If you’ve been shoveling snow lately (thanks, #Blizzardof2015!), here are the five most important post-shoveling stretches to minimize an aching back and sore muscles later.

1. Release your upper back: Eagle Arms.

Bring the arms in front of you at a 90-degree angle, elbows at shoulder-height. If this is enough of a stretch for the shoulders/upper back, stay here. If you need more of s stretch, drop the left elbow below the right and twine the forearms, pressing the back of the palms together. The key to releasing the upper back muscles is to keep the elbows lifted–equal height to the shoulders–and the shoulders as relaxed and low as possible. Take ten deep breaths and switch sides.













2. Stretch your lower back: Modified Half Moon Pose.
Stand with your feet hip-width apart. Place your right hand on your right hip. Lift the left arm up and then to the right. Take ten deep breaths here, using your breath to expand the left ribs, deepening the stretch. Switch sides.
















3. Release your psoas: Crescent Lunge.
The psoas is the largest hip flexor muscle. It runs up the front of the hip, cuts through the abdominal cavity and attaches to the lower lumbar spine. Stretching the psoas not only gives you a hip flexor stretch, it can also release lower back tightness. Stand in a lunge position, with your right foot forward and the right knee bent at a 90-degree angle. Tuck your tailbone forward to intensify. Stay for 10 deep breaths and switch sides.

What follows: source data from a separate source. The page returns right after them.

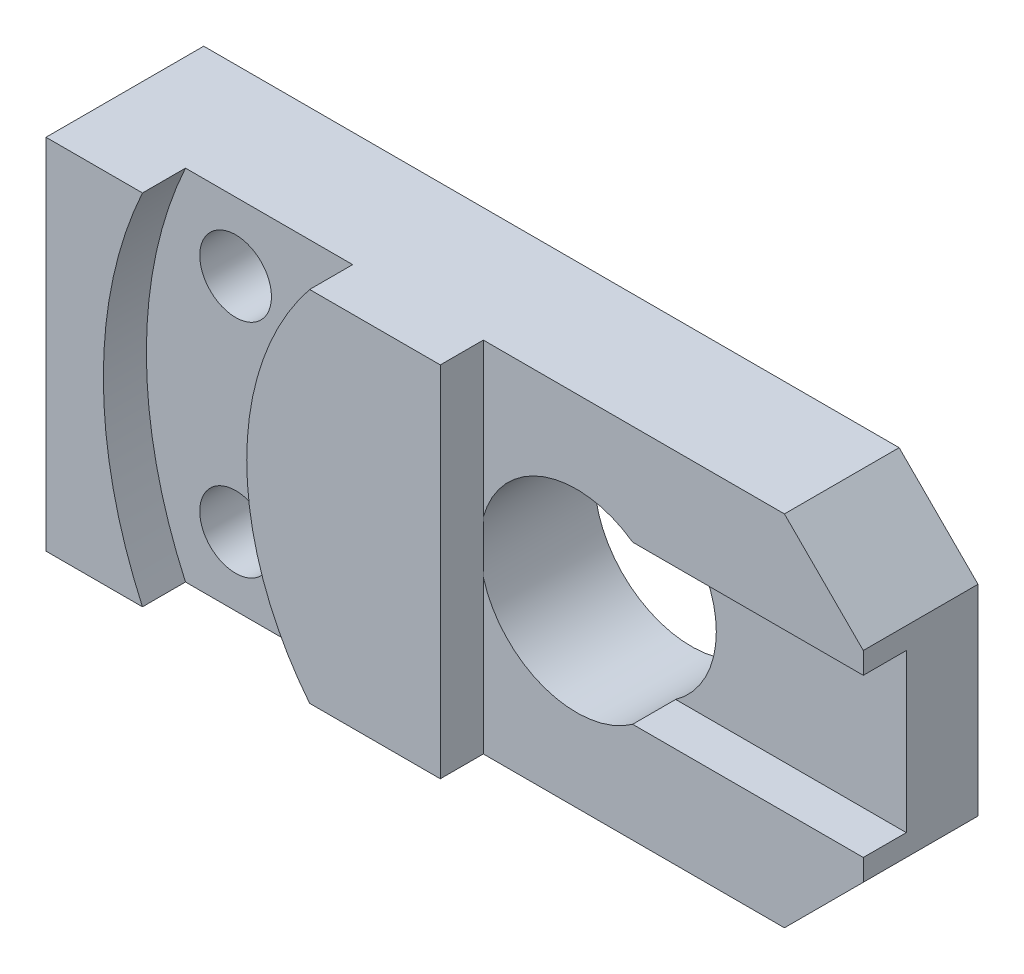
SolidWorks part; units mm, degrees
ref_plane "Front Plane" through (0, 0, 0) normal (0, 0, 1) x (1, 0, 0)
ref_plane "Top Plane" through (0, 0, 0) normal (0, 1, 0) x (1, 0, 0)
ref_plane "Right Plane" through (0, 0, 0) normal (1, 0, 0) x (0, 0, -1)
sketch "Sketch1" plane through (0, 0, 0) normal (0, 0, 1) x (1, 0, 0)
  line L1 (-54, 25) -> (54, 25)
  line L2 (-54, 25) -> (-54, -25)
  line L3 (-54, -25) -> (54, -25)
  line L4 (54, 25) -> (54, -25)
  line L5 (-54, 25) -> (54, -25) construction
  line L6 (-54, -25) -> (54, 25) construction
  point P0 (0, 0)
  dimension "D1" = 50
  dimension "D2" = 108
extrude "Boss-Extrude1" add sketch "Sketch1" along normal blind 22
sketch "Sketch2" plane through (0, 0, 22) normal (0, 0, 1) x (1, 0, 0)
  line L0 (1, 25) -> (1, -25)
  line L1 (54, 25) -> (-54, 25) construction
  line L2 (-54, -25) -> (54, -25) construction
  line L3 (54, -25) -> (54, 25) construction
  line L4 (-17.225, 25) -> (-40.5436, 25)
  line L5 (-40.5436, -25) -> (-17.225, -25)
  line L6 (14, -25) -> (14, 25)
  line L7 (14, -25) -> (14, 25) construction
  line L8 (1, 25) -> (54, 25)
  line L9 (54, 25) -> (54, -25)
  line L10 (54, -25) -> (1, -25)
  arc A0 (-17.225, 25) -> (-17.225, -25) centre (14, 0) ccw
  arc A1 (-40.5436, 25) -> (-40.5436, -25) centre (14, 0) ccw
  dimension "D3" = 120
  dimension "D4" = 80
  dimension "D1" = 53
  dimension "D2" = 40
extrude "Cut-Extrude1" cut sketch "Sketch2" against normal blind 6
sketch "Sketch3" plane through (0, 0, 16) normal (0, 0, 1) x (1, 0, 0)
  circle A0 centre (14, 0) radius 13.5
  dimension "D1" = 27
extrude "Cut-Extrude2" cut sketch "Sketch3" against normal up to next
sketch "Sketch4" plane through (0, 0, 16) normal (0, 0, 1) x (1, 0, 0)
  line L0 (54, 0) -> (14, 0) construction
  line L1 (54, 25) -> (54, -25) construction
  line L2 (54, 11) -> (14, 11)
  line L3 (54, -11) -> (14, -11)
  line L4 (54, 11) -> (54, -11)
  line L5 (14, 11) -> (14, -11)
  dimension "D1" = 11
  dimension "D2" = 11
extrude "Cut-Extrude3" cut sketch "Sketch4" against normal blind 6
chamfer "Chamfer1" distance 11 angle 45 2 edges at (54, -25, 8) (54, 25, 8)
sketch "Sketch5" plane through (0, 0, 16) normal (0, 0, 1) x (1, 0, 0)
  line L0 (14, 0) -> (-54, 0) construction
  line L1 (-54, 25) -> (-54, -25) construction
  circle A0 centre (14, 0) radius 50 construction
  circle A1 centre (-33.5531, 15.45) radius 5
  circle A2 centre (-33.5531, -15.45) radius 5
  dimension "D1" = 100
  dimension "D2" = 15.45
  dimension "D3" = 10
extrude "Cut-Extrude4" cut sketch "Sketch5" against normal up to next
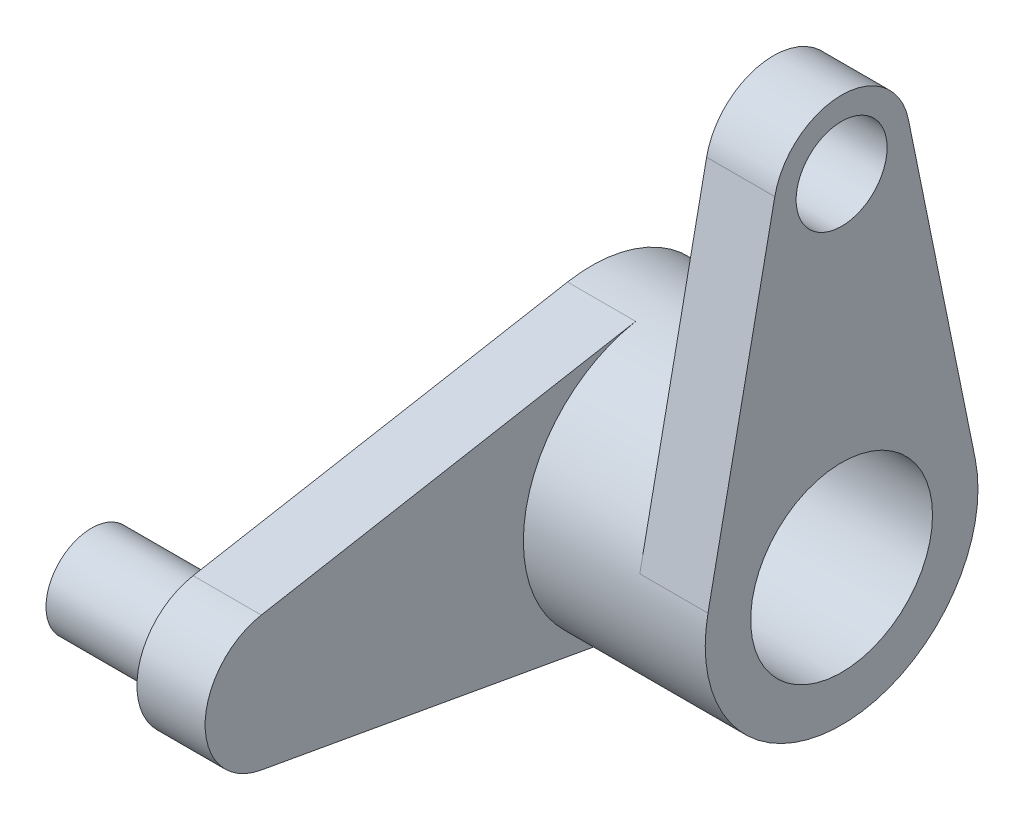
SolidWorks part; units mm, degrees
ref_plane "Front Plane" through (0, 0, 0) normal (1, 0, 0) x (0, 1, 0)
ref_plane "Top Plane" through (0, 0, 0) normal (0, 0, 1) x (0, 1, 0)
ref_plane "Right Plane" through (0, 0, 0) normal (0, 1, 0) x (-1, 0, 0)
sketch "Sketch1" plane through (0, 0, 0) normal (1, 0, 0) x (0, 1, 0)
  line L0 (-14.7646, 87.6471) -> (-29.5292, 5.2941)
  line L1 (0, 0) -> (0, 14.8287) construction
  line L2 (14.7646, 87.6471) -> (29.5292, 5.2941)
  arc A1 (-29.5292, 5.2941) -> (29.5292, 5.2941) centre (0, 0) ccw
  arc A2 (14.7646, 87.6471) -> (-14.7646, 87.6471) centre (0, 85) ccw
  dimension "D1" = 60
  dimension "D3" = 30
  dimension "D4" = 85
extrude "Boss-Extrude1" add sketch "Sketch1" along normal blind 15
sketch "Sketch2" plane through (15, 0, 0) normal (1, 0, 0) x (0, 1, 0)
  circle A0 centre (0, 0) radius 30
extrude "Boss-Extrude2" add sketch "Sketch2" along normal blind 25
sketch "Sketch3" plane through (40, 0, 0) normal (1, 0, 0) x (0, 1, 0)
  line L0 (6, 29.3939) -> (78, 14.6969)
  line L1 (0, 0) -> (15.8836, 0) construction
  line L2 (6, -29.3939) -> (78, -14.6969)
  arc A0 (6, 29.3939) -> (6, -29.3939) centre (0, 0) ccw
  circle A1 centre (0, 0) radius 20
  circle A2 centre (75, 0) radius 10
  arc A3 (78, -14.6969) -> (78, 14.6969) centre (75, 0) ccw
  dimension "D1" = 60
  dimension "D2" = 40
  dimension "D3" = 20
  dimension "D4" = 30
  dimension "D5" = 75
extrude "Boss-Extrude3" add sketch "Sketch3" along normal blind 15
sketch "Sketch4" plane through (55, 0, 0) normal (1, 0, 0) x (0, 1, 0)
  circle A0 centre (0, 0) radius 20
extrude "Cut-Extrude1" cut sketch "Sketch4" against normal through all both and the other way through all
sketch "Sketch5" plane through (0, 0, 0) normal (-1, 0, 0) x (0, -1, 0)
  circle A0 centre (0, 85) radius 10
  dimension "D1" = 20
extrude "Boss-Extrude4" add sketch "Sketch5" along normal blind 25

4. Stretch your arms: Forward Bend with Arm Twist. Stand with your feet hip-width apart. Bend forward to a comfortable level, lifting your arms up behind you.  Rotate the thumbs in (toward the center line) and then out to stretch your biceps.








5. Release your chest muscles: Doorway Pose.
As you head in from all your hard work, stand in the doorway and put your right arm out at a ninety-degree angle. Press your palm, forearm, and elbow against the doorframe and twist your chest gently to the left. Stay for 10 deep breaths and switch sides.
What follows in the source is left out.